**DATASET EXTRACT**.
---+---

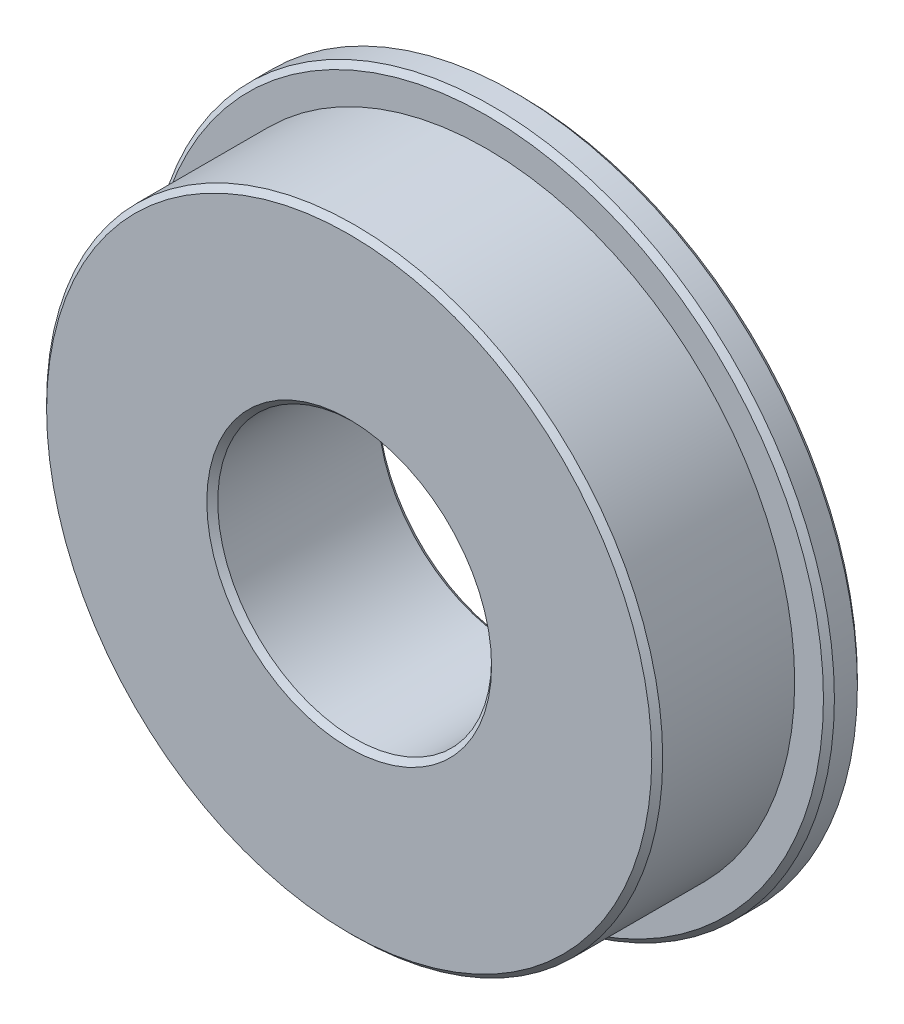
ISO-10303-21;
HEADER;
FILE_DESCRIPTION(('STEP AP214'),'2;1');
FILE_NAME('part.step','',(''),(''),'','','');
FILE_SCHEMA(('AUTOMOTIVE_DESIGN { 1 0 10303 214 1 1 1 1 }'));
ENDSEC;
DATA;
#1=APPLICATION_CONTEXT('core data for automotive mechanical design processes');
#2=APPLICATION_PROTOCOL_DEFINITION('international standard','automotive_design',2000,#1);
#3=PRODUCT_CONTEXT('',#1,'mechanical');
#4=PRODUCT('Part','Part','',(#3));
#5=PRODUCT_RELATED_PRODUCT_CATEGORY('part','',(#4));
#6=PRODUCT_DEFINITION_FORMATION('','',#4);
#7=PRODUCT_DEFINITION_CONTEXT('part definition',#1,'design');
#8=PRODUCT_DEFINITION('design','',#6,#7);
#9=PRODUCT_DEFINITION_SHAPE('','',#8);
#10=(LENGTH_UNIT() NAMED_UNIT(*) SI_UNIT(.MILLI.,.METRE.));
#11=(NAMED_UNIT(*) PLANE_ANGLE_UNIT() SI_UNIT($,.RADIAN.));
#12=(NAMED_UNIT(*) SI_UNIT($,.STERADIAN.) SOLID_ANGLE_UNIT());
#13=UNCERTAINTY_MEASURE_WITH_UNIT(LENGTH_MEASURE(1.E-05),#10,'distance_accuracy_value','');
#14=(GEOMETRIC_REPRESENTATION_CONTEXT(3) GLOBAL_UNCERTAINTY_ASSIGNED_CONTEXT((#13)) GLOBAL_UNIT_ASSIGNED_CONTEXT((#10,
#11,#12)) REPRESENTATION_CONTEXT('',''));
#15=CARTESIAN_POINT('',(0.,0.,0.));
#16=DIRECTION('',(0.,0.,1.));
#17=DIRECTION('',(1.,0.,0.));
#18=AXIS2_PLACEMENT_3D('',#15,#16,#17);
#19=CARTESIAN_POINT('',(-8.86153846153846,6.04195804195805,7.69619999999998));
#20=DIRECTION('',(0.,0.,-1.));
#21=DIRECTION('',(-1.,0.,0.));
#22=AXIS2_PLACEMENT_3D('',#19,#20,#21);
#23=CONICAL_SURFACE('',#22,14.2875,0.785398163397453);
#24=CARTESIAN_POINT('',(-8.86153846153846,6.04195804195805,7.95019999999999));
#25=DIRECTION('',(0.,0.,-1.));
#26=DIRECTION('',(-1.,0.,0.));
#27=AXIS2_PLACEMENT_3D('',#24,#25,#26);
#28=CIRCLE('',#27,14.0335);
#29=CARTESIAN_POINT('',(-22.8950384615385,6.04195804195805,7.95019999999999));
#30=VERTEX_POINT('',#29);
#31=EDGE_CURVE('E18',#30,#30,#28,.T.);
#32=ORIENTED_EDGE('',*,*,#31,.T.);
#33=EDGE_LOOP('',(#32));
#34=FACE_BOUND('',#33,.T.);
#35=CARTESIAN_POINT('',(-8.86153846153846,6.04195804195805,7.69619999999999));
#36=DIRECTION('',(0.,0.,1.));
#37=DIRECTION('',(1.,0.,0.));
#38=AXIS2_PLACEMENT_3D('',#35,#36,#37);
#39=CIRCLE('',#38,14.2875);
#40=CARTESIAN_POINT('',(5.42596153846154,6.04195804195805,7.69619999999999));
#41=VERTEX_POINT('',#40);
#42=EDGE_CURVE('E30',#41,#41,#39,.F.);
#43=ORIENTED_EDGE('',*,*,#42,.F.);
#44=EDGE_LOOP('',(#43));
#45=FACE_BOUND('',#44,.T.);
#46=ADVANCED_FACE('F15',(#34,#45),#23,.T.);
#47=CARTESIAN_POINT('',(-8.86153846153846,6.04195804195805,7.95019999999999));
#48=DIRECTION('',(0.,0.,1.));
#49=DIRECTION('',(1.,0.,0.));
#50=AXIS2_PLACEMENT_3D('',#47,#48,#49);
#51=CYLINDRICAL_SURFACE('',#50,14.2875);
#52=CARTESIAN_POINT('',(-8.86153846153846,6.04195804195805,1.57479999999999));
#53=DIRECTION('',(0.,0.,1.));
#54=DIRECTION('',(1.,0.,0.));
#55=AXIS2_PLACEMENT_3D('',#52,#53,#54);
#56=CIRCLE('',#55,14.2875);
#57=CARTESIAN_POINT('',(5.42596153846154,6.04195804195805,1.57479999999999));
#58=VERTEX_POINT('',#57);
#59=EDGE_CURVE('E39',#58,#58,#56,.T.);
#60=ORIENTED_EDGE('',*,*,#59,.T.);
#61=EDGE_LOOP('',(#60));
#62=FACE_BOUND('',#61,.T.);
#63=ORIENTED_EDGE('',*,*,#42,.T.);
#64=EDGE_LOOP('',(#63));
#65=FACE_BOUND('',#64,.T.);
#66=ADVANCED_FACE('F49',(#62,#65),#51,.T.);
#67=CARTESIAN_POINT('',(-8.86153846153846,6.04195804195805,7.95019999999999));
#68=DIRECTION('',(0.,0.,-1.));
#69=DIRECTION('',(-1.,0.,0.));
#70=AXIS2_PLACEMENT_3D('',#67,#68,#69);
#71=PLANE('',#70);
#72=ORIENTED_EDGE('',*,*,#31,.F.);
#73=EDGE_LOOP('',(#72));
#74=FACE_BOUND('',#73,.T.);
#75=CARTESIAN_POINT('',(-8.86153846153846,6.04195804195805,7.95019999998203));
#76=DIRECTION('',(0.,0.,1.));
#77=DIRECTION('',(1.,0.,0.));
#78=AXIS2_PLACEMENT_3D('',#75,#76,#77);
#79=CIRCLE('',#78,6.60399999993232);
#80=CARTESIAN_POINT('',(-2.25753846160615,6.04195804195805,7.95019999998203));
#81=VERTEX_POINT('',#80);
#82=EDGE_CURVE('E37',#81,#81,#79,.F.);
#83=ORIENTED_EDGE('',*,*,#82,.T.);
#84=EDGE_LOOP('',(#83));
#85=FACE_BOUND('',#84,.T.);
#86=ADVANCED_FACE('F56',(#74,#85),#71,.F.);
#87=CARTESIAN_POINT('',(-8.86153846153846,6.04195804195805,1.57479999999999));
#88=DIRECTION('',(0.,0.,-1.));
#89=DIRECTION('',(-1.,0.,0.));
#90=AXIS2_PLACEMENT_3D('',#87,#88,#89);
#91=PLANE('',#90);
#92=ORIENTED_EDGE('',*,*,#59,.F.);
#93=EDGE_LOOP('',(#92));
#94=FACE_BOUND('',#93,.T.);
#95=CARTESIAN_POINT('',(-8.86153846153846,6.04195804195805,1.5748));
#96=DIRECTION('',(0.,0.,-1.));
#97=DIRECTION('',(-1.,0.,0.));
#98=AXIS2_PLACEMENT_3D('',#95,#96,#97);
#99=CIRCLE('',#98,15.621);
#100=CARTESIAN_POINT('',(-24.4825384615385,6.04195804195805,1.5748));
#101=VERTEX_POINT('',#100);
#102=EDGE_CURVE('E33',#101,#101,#99,.T.);
#103=ORIENTED_EDGE('',*,*,#102,.F.);
#104=EDGE_LOOP('',(#103));
#105=FACE_BOUND('',#104,.T.);
#106=ADVANCED_FACE('F87',(#94,#105),#91,.F.);
#107=CARTESIAN_POINT('',(-8.86153846153846,6.04195804195805,7.95019999986835));
#108=DIRECTION('',(0.,0.,1.));
#109=DIRECTION('',(1.,0.,0.));
#110=AXIS2_PLACEMENT_3D('',#107,#108,#109);
#111=CONICAL_SURFACE('',#110,6.60399999981863,0.785398163285552);
#112=CARTESIAN_POINT('',(-8.86153846153846,6.04195804195805,7.69619999999999));
#113=DIRECTION('',(0.,0.,1.));
#114=DIRECTION('',(1.,0.,0.));
#115=AXIS2_PLACEMENT_3D('',#112,#113,#114);
#116=CIRCLE('',#115,6.35);
#117=CARTESIAN_POINT('',(-2.51153846153846,6.04195804195805,7.69619999999999));
#118=VERTEX_POINT('',#117);
#119=EDGE_CURVE('E36',#118,#118,#116,.F.);
#120=ORIENTED_EDGE('',*,*,#119,.T.);
#121=EDGE_LOOP('',(#120));
#122=FACE_BOUND('',#121,.T.);
#123=ORIENTED_EDGE('',*,*,#82,.F.);
#124=EDGE_LOOP('',(#123));
#125=FACE_BOUND('',#124,.T.);
#126=ADVANCED_FACE('F83',(#122,#125),#111,.F.);
#127=CARTESIAN_POINT('',(-8.86153846153846,6.04195804195805,1.32080000000001));
#128=DIRECTION('',(0.,0.,-1.));
#129=DIRECTION('',(-1.,0.,0.));
#130=AXIS2_PLACEMENT_3D('',#127,#128,#129);
#131=CONICAL_SURFACE('',#130,15.875,0.785398163397452);
#132=CARTESIAN_POINT('',(-8.86153846153846,6.04195804195805,1.32080000000001));
#133=DIRECTION('',(0.,0.,1.));
#134=DIRECTION('',(1.,0.,0.));
#135=AXIS2_PLACEMENT_3D('',#132,#133,#134);
#136=CIRCLE('',#135,15.875);
#137=CARTESIAN_POINT('',(7.01346153846154,6.04195804195805,1.32080000000001));
#138=VERTEX_POINT('',#137);
#139=EDGE_CURVE('E176',#138,#138,#136,.F.);
#140=ORIENTED_EDGE('',*,*,#139,.F.);
#141=EDGE_LOOP('',(#140));
#142=FACE_BOUND('',#141,.T.);
#143=ORIENTED_EDGE('',*,*,#102,.T.);
#144=EDGE_LOOP('',(#143));
#145=FACE_BOUND('',#144,.T.);
#146=ADVANCED_FACE('F79',(#142,#145),#131,.T.);
#147=CARTESIAN_POINT('',(-8.86153846153846,6.04195804195805,1.57479999999999));
#148=DIRECTION('',(0.,0.,1.));
#149=DIRECTION('',(1.,0.,0.));
#150=AXIS2_PLACEMENT_3D('',#147,#148,#149);
#151=CYLINDRICAL_SURFACE('',#150,6.35);
#152=ORIENTED_EDGE('',*,*,#119,.F.);
#153=EDGE_LOOP('',(#152));
#154=FACE_BOUND('',#153,.T.);
#155=CARTESIAN_POINT('',(-8.86153846153846,6.04195804195805,0.253999999927146));
#156=DIRECTION('',(0.,0.,-1.));
#157=DIRECTION('',(-1.,0.,0.));
#158=AXIS2_PLACEMENT_3D('',#155,#156,#157);
#159=CIRCLE('',#158,6.3499999999901);
#160=CARTESIAN_POINT('',(-15.2115384615286,6.04195804195805,0.253999999927146));
#161=VERTEX_POINT('',#160);
#162=EDGE_CURVE('E178',#161,#161,#159,.T.);
#163=ORIENTED_EDGE('',*,*,#162,.T.);
#164=EDGE_LOOP('',(#163));
#165=FACE_BOUND('',#164,.T.);
#166=ADVANCED_FACE('F75',(#154,#165),#151,.F.);
#167=CARTESIAN_POINT('',(-8.86153846153846,6.04195804195805,1.57479999999999));
#168=DIRECTION('',(0.,0.,1.));
#169=DIRECTION('',(1.,0.,0.));
#170=AXIS2_PLACEMENT_3D('',#167,#168,#169);
#171=CYLINDRICAL_SURFACE('',#170,15.875);
#172=CARTESIAN_POINT('',(-8.86153846153846,6.04195804195805,0.254000000000001));
#173=DIRECTION('',(0.,0.,1.));
#174=DIRECTION('',(1.,0.,0.));
#175=AXIS2_PLACEMENT_3D('',#172,#173,#174);
#176=CIRCLE('',#175,15.875);
#177=CARTESIAN_POINT('',(7.01346153846154,6.04195804195805,0.254000000000002));
#178=VERTEX_POINT('',#177);
#179=EDGE_CURVE('E27',#178,#178,#176,.F.);
#180=ORIENTED_EDGE('',*,*,#179,.F.);
#181=EDGE_LOOP('',(#180));
#182=FACE_BOUND('',#181,.T.);
#183=ORIENTED_EDGE('',*,*,#139,.T.);
#184=EDGE_LOOP('',(#183));
#185=FACE_BOUND('',#184,.T.);
#186=ADVANCED_FACE('F71',(#182,#185),#171,.T.);
#187=CARTESIAN_POINT('',(-8.86153846153846,6.04195804195805,-5.6843418860808E-11));
#188=DIRECTION('',(0.,0.,-1.));
#189=DIRECTION('',(-1.,0.,0.));
#190=AXIS2_PLACEMENT_3D('',#187,#188,#189);
#191=CONICAL_SURFACE('',#190,6.60399999997409,0.785398163397448);
#192=ORIENTED_EDGE('',*,*,#162,.F.);
#193=EDGE_LOOP('',(#192));
#194=FACE_BOUND('',#193,.T.);
#195=CARTESIAN_POINT('',(-8.86153846153846,6.04195804195805,-5.6843418860808E-11));
#196=DIRECTION('',(0.,0.,-1.));
#197=DIRECTION('',(-1.,0.,0.));
#198=AXIS2_PLACEMENT_3D('',#195,#196,#197);
#199=CIRCLE('',#198,6.60399999997409);
#200=CARTESIAN_POINT('',(-15.4655384615126,6.04195804195805,-5.6843418860808E-11));
#201=VERTEX_POINT('',#200);
#202=EDGE_CURVE('E22',#201,#201,#199,.F.);
#203=ORIENTED_EDGE('',*,*,#202,.F.);
#204=EDGE_LOOP('',(#203));
#205=FACE_BOUND('',#204,.T.);
#206=ADVANCED_FACE('F64',(#194,#205),#191,.F.);
#207=CARTESIAN_POINT('',(-8.86153846153846,6.04195804195805,0.254000000000001));
#208=DIRECTION('',(0.,0.,1.));
#209=DIRECTION('',(1.,0.,0.));
#210=AXIS2_PLACEMENT_3D('',#207,#208,#209);
#211=CONICAL_SURFACE('',#210,15.875,0.785398163397447);
#212=ORIENTED_EDGE('',*,*,#179,.T.);
#213=EDGE_LOOP('',(#212));
#214=FACE_BOUND('',#213,.T.);
#215=CARTESIAN_POINT('',(-8.86153846153846,6.04195804195805,0.));
#216=DIRECTION('',(0.,0.,1.));
#217=DIRECTION('',(1.,0.,0.));
#218=AXIS2_PLACEMENT_3D('',#215,#216,#217);
#219=CIRCLE('',#218,15.621);
#220=CARTESIAN_POINT('',(6.75946153846154,6.04195804195805,0.));
#221=VERTEX_POINT('',#220);
#222=EDGE_CURVE('E10',#221,#221,#219,.F.);
#223=ORIENTED_EDGE('',*,*,#222,.F.);
#224=EDGE_LOOP('',(#223));
#225=FACE_BOUND('',#224,.T.);
#226=ADVANCED_FACE('F59',(#214,#225),#211,.T.);
#227=CARTESIAN_POINT('',(-8.86153846153846,6.04195804195805,0.));
#228=DIRECTION('',(0.,0.,-1.));
#229=DIRECTION('',(-1.,0.,0.));
#230=AXIS2_PLACEMENT_3D('',#227,#228,#229);
#231=PLANE('',#230);
#232=ORIENTED_EDGE('',*,*,#222,.T.);
#233=EDGE_LOOP('',(#232));
#234=FACE_BOUND('',#233,.T.);
#235=ORIENTED_EDGE('',*,*,#202,.T.);
#236=EDGE_LOOP('',(#235));
#237=FACE_BOUND('',#236,.T.);
#238=ADVANCED_FACE('F57',(#234,#237),#231,.T.);
#239=CLOSED_SHELL('',(#46,#66,#86,#106,#126,#146,#166,#186,#206,#226,#238));
#240=MANIFOLD_SOLID_BREP('B1',#239);
#241=ADVANCED_BREP_SHAPE_REPRESENTATION('',(#18,#240),#14);
#242=SHAPE_DEFINITION_REPRESENTATION(#9,#241);
ENDSEC;
END-ISO-10303-21;

---+---

**PROBLEM REQUIREMENTS**. Extract from the records above the lines from the one containing "#199=CIRCLE('',#198,6.60399999997409);" to the one containing "#206=ADVANCED_FACE('F64',(#194,#205),#191,.F.);", both lines included, exactly as they appear and with nothing else.

**SOLVED EXERCISE**.
#199=CIRCLE('',#198,6.60399999997409);
#200=CARTESIAN_POINT('',(-15.4655384615126,6.04195804195805,-5.6843418860808E-11));
#201=VERTEX_POINT('',#200);
#202=EDGE_CURVE('E22',#201,#201,#199,.F.);
#203=ORIENTED_EDGE('',*,*,#202,.F.);
#204=EDGE_LOOP('',(#203));
#205=FACE_BOUND('',#204,.T.);
#206=ADVANCED_FACE('F64',(#194,#205),#191,.F.);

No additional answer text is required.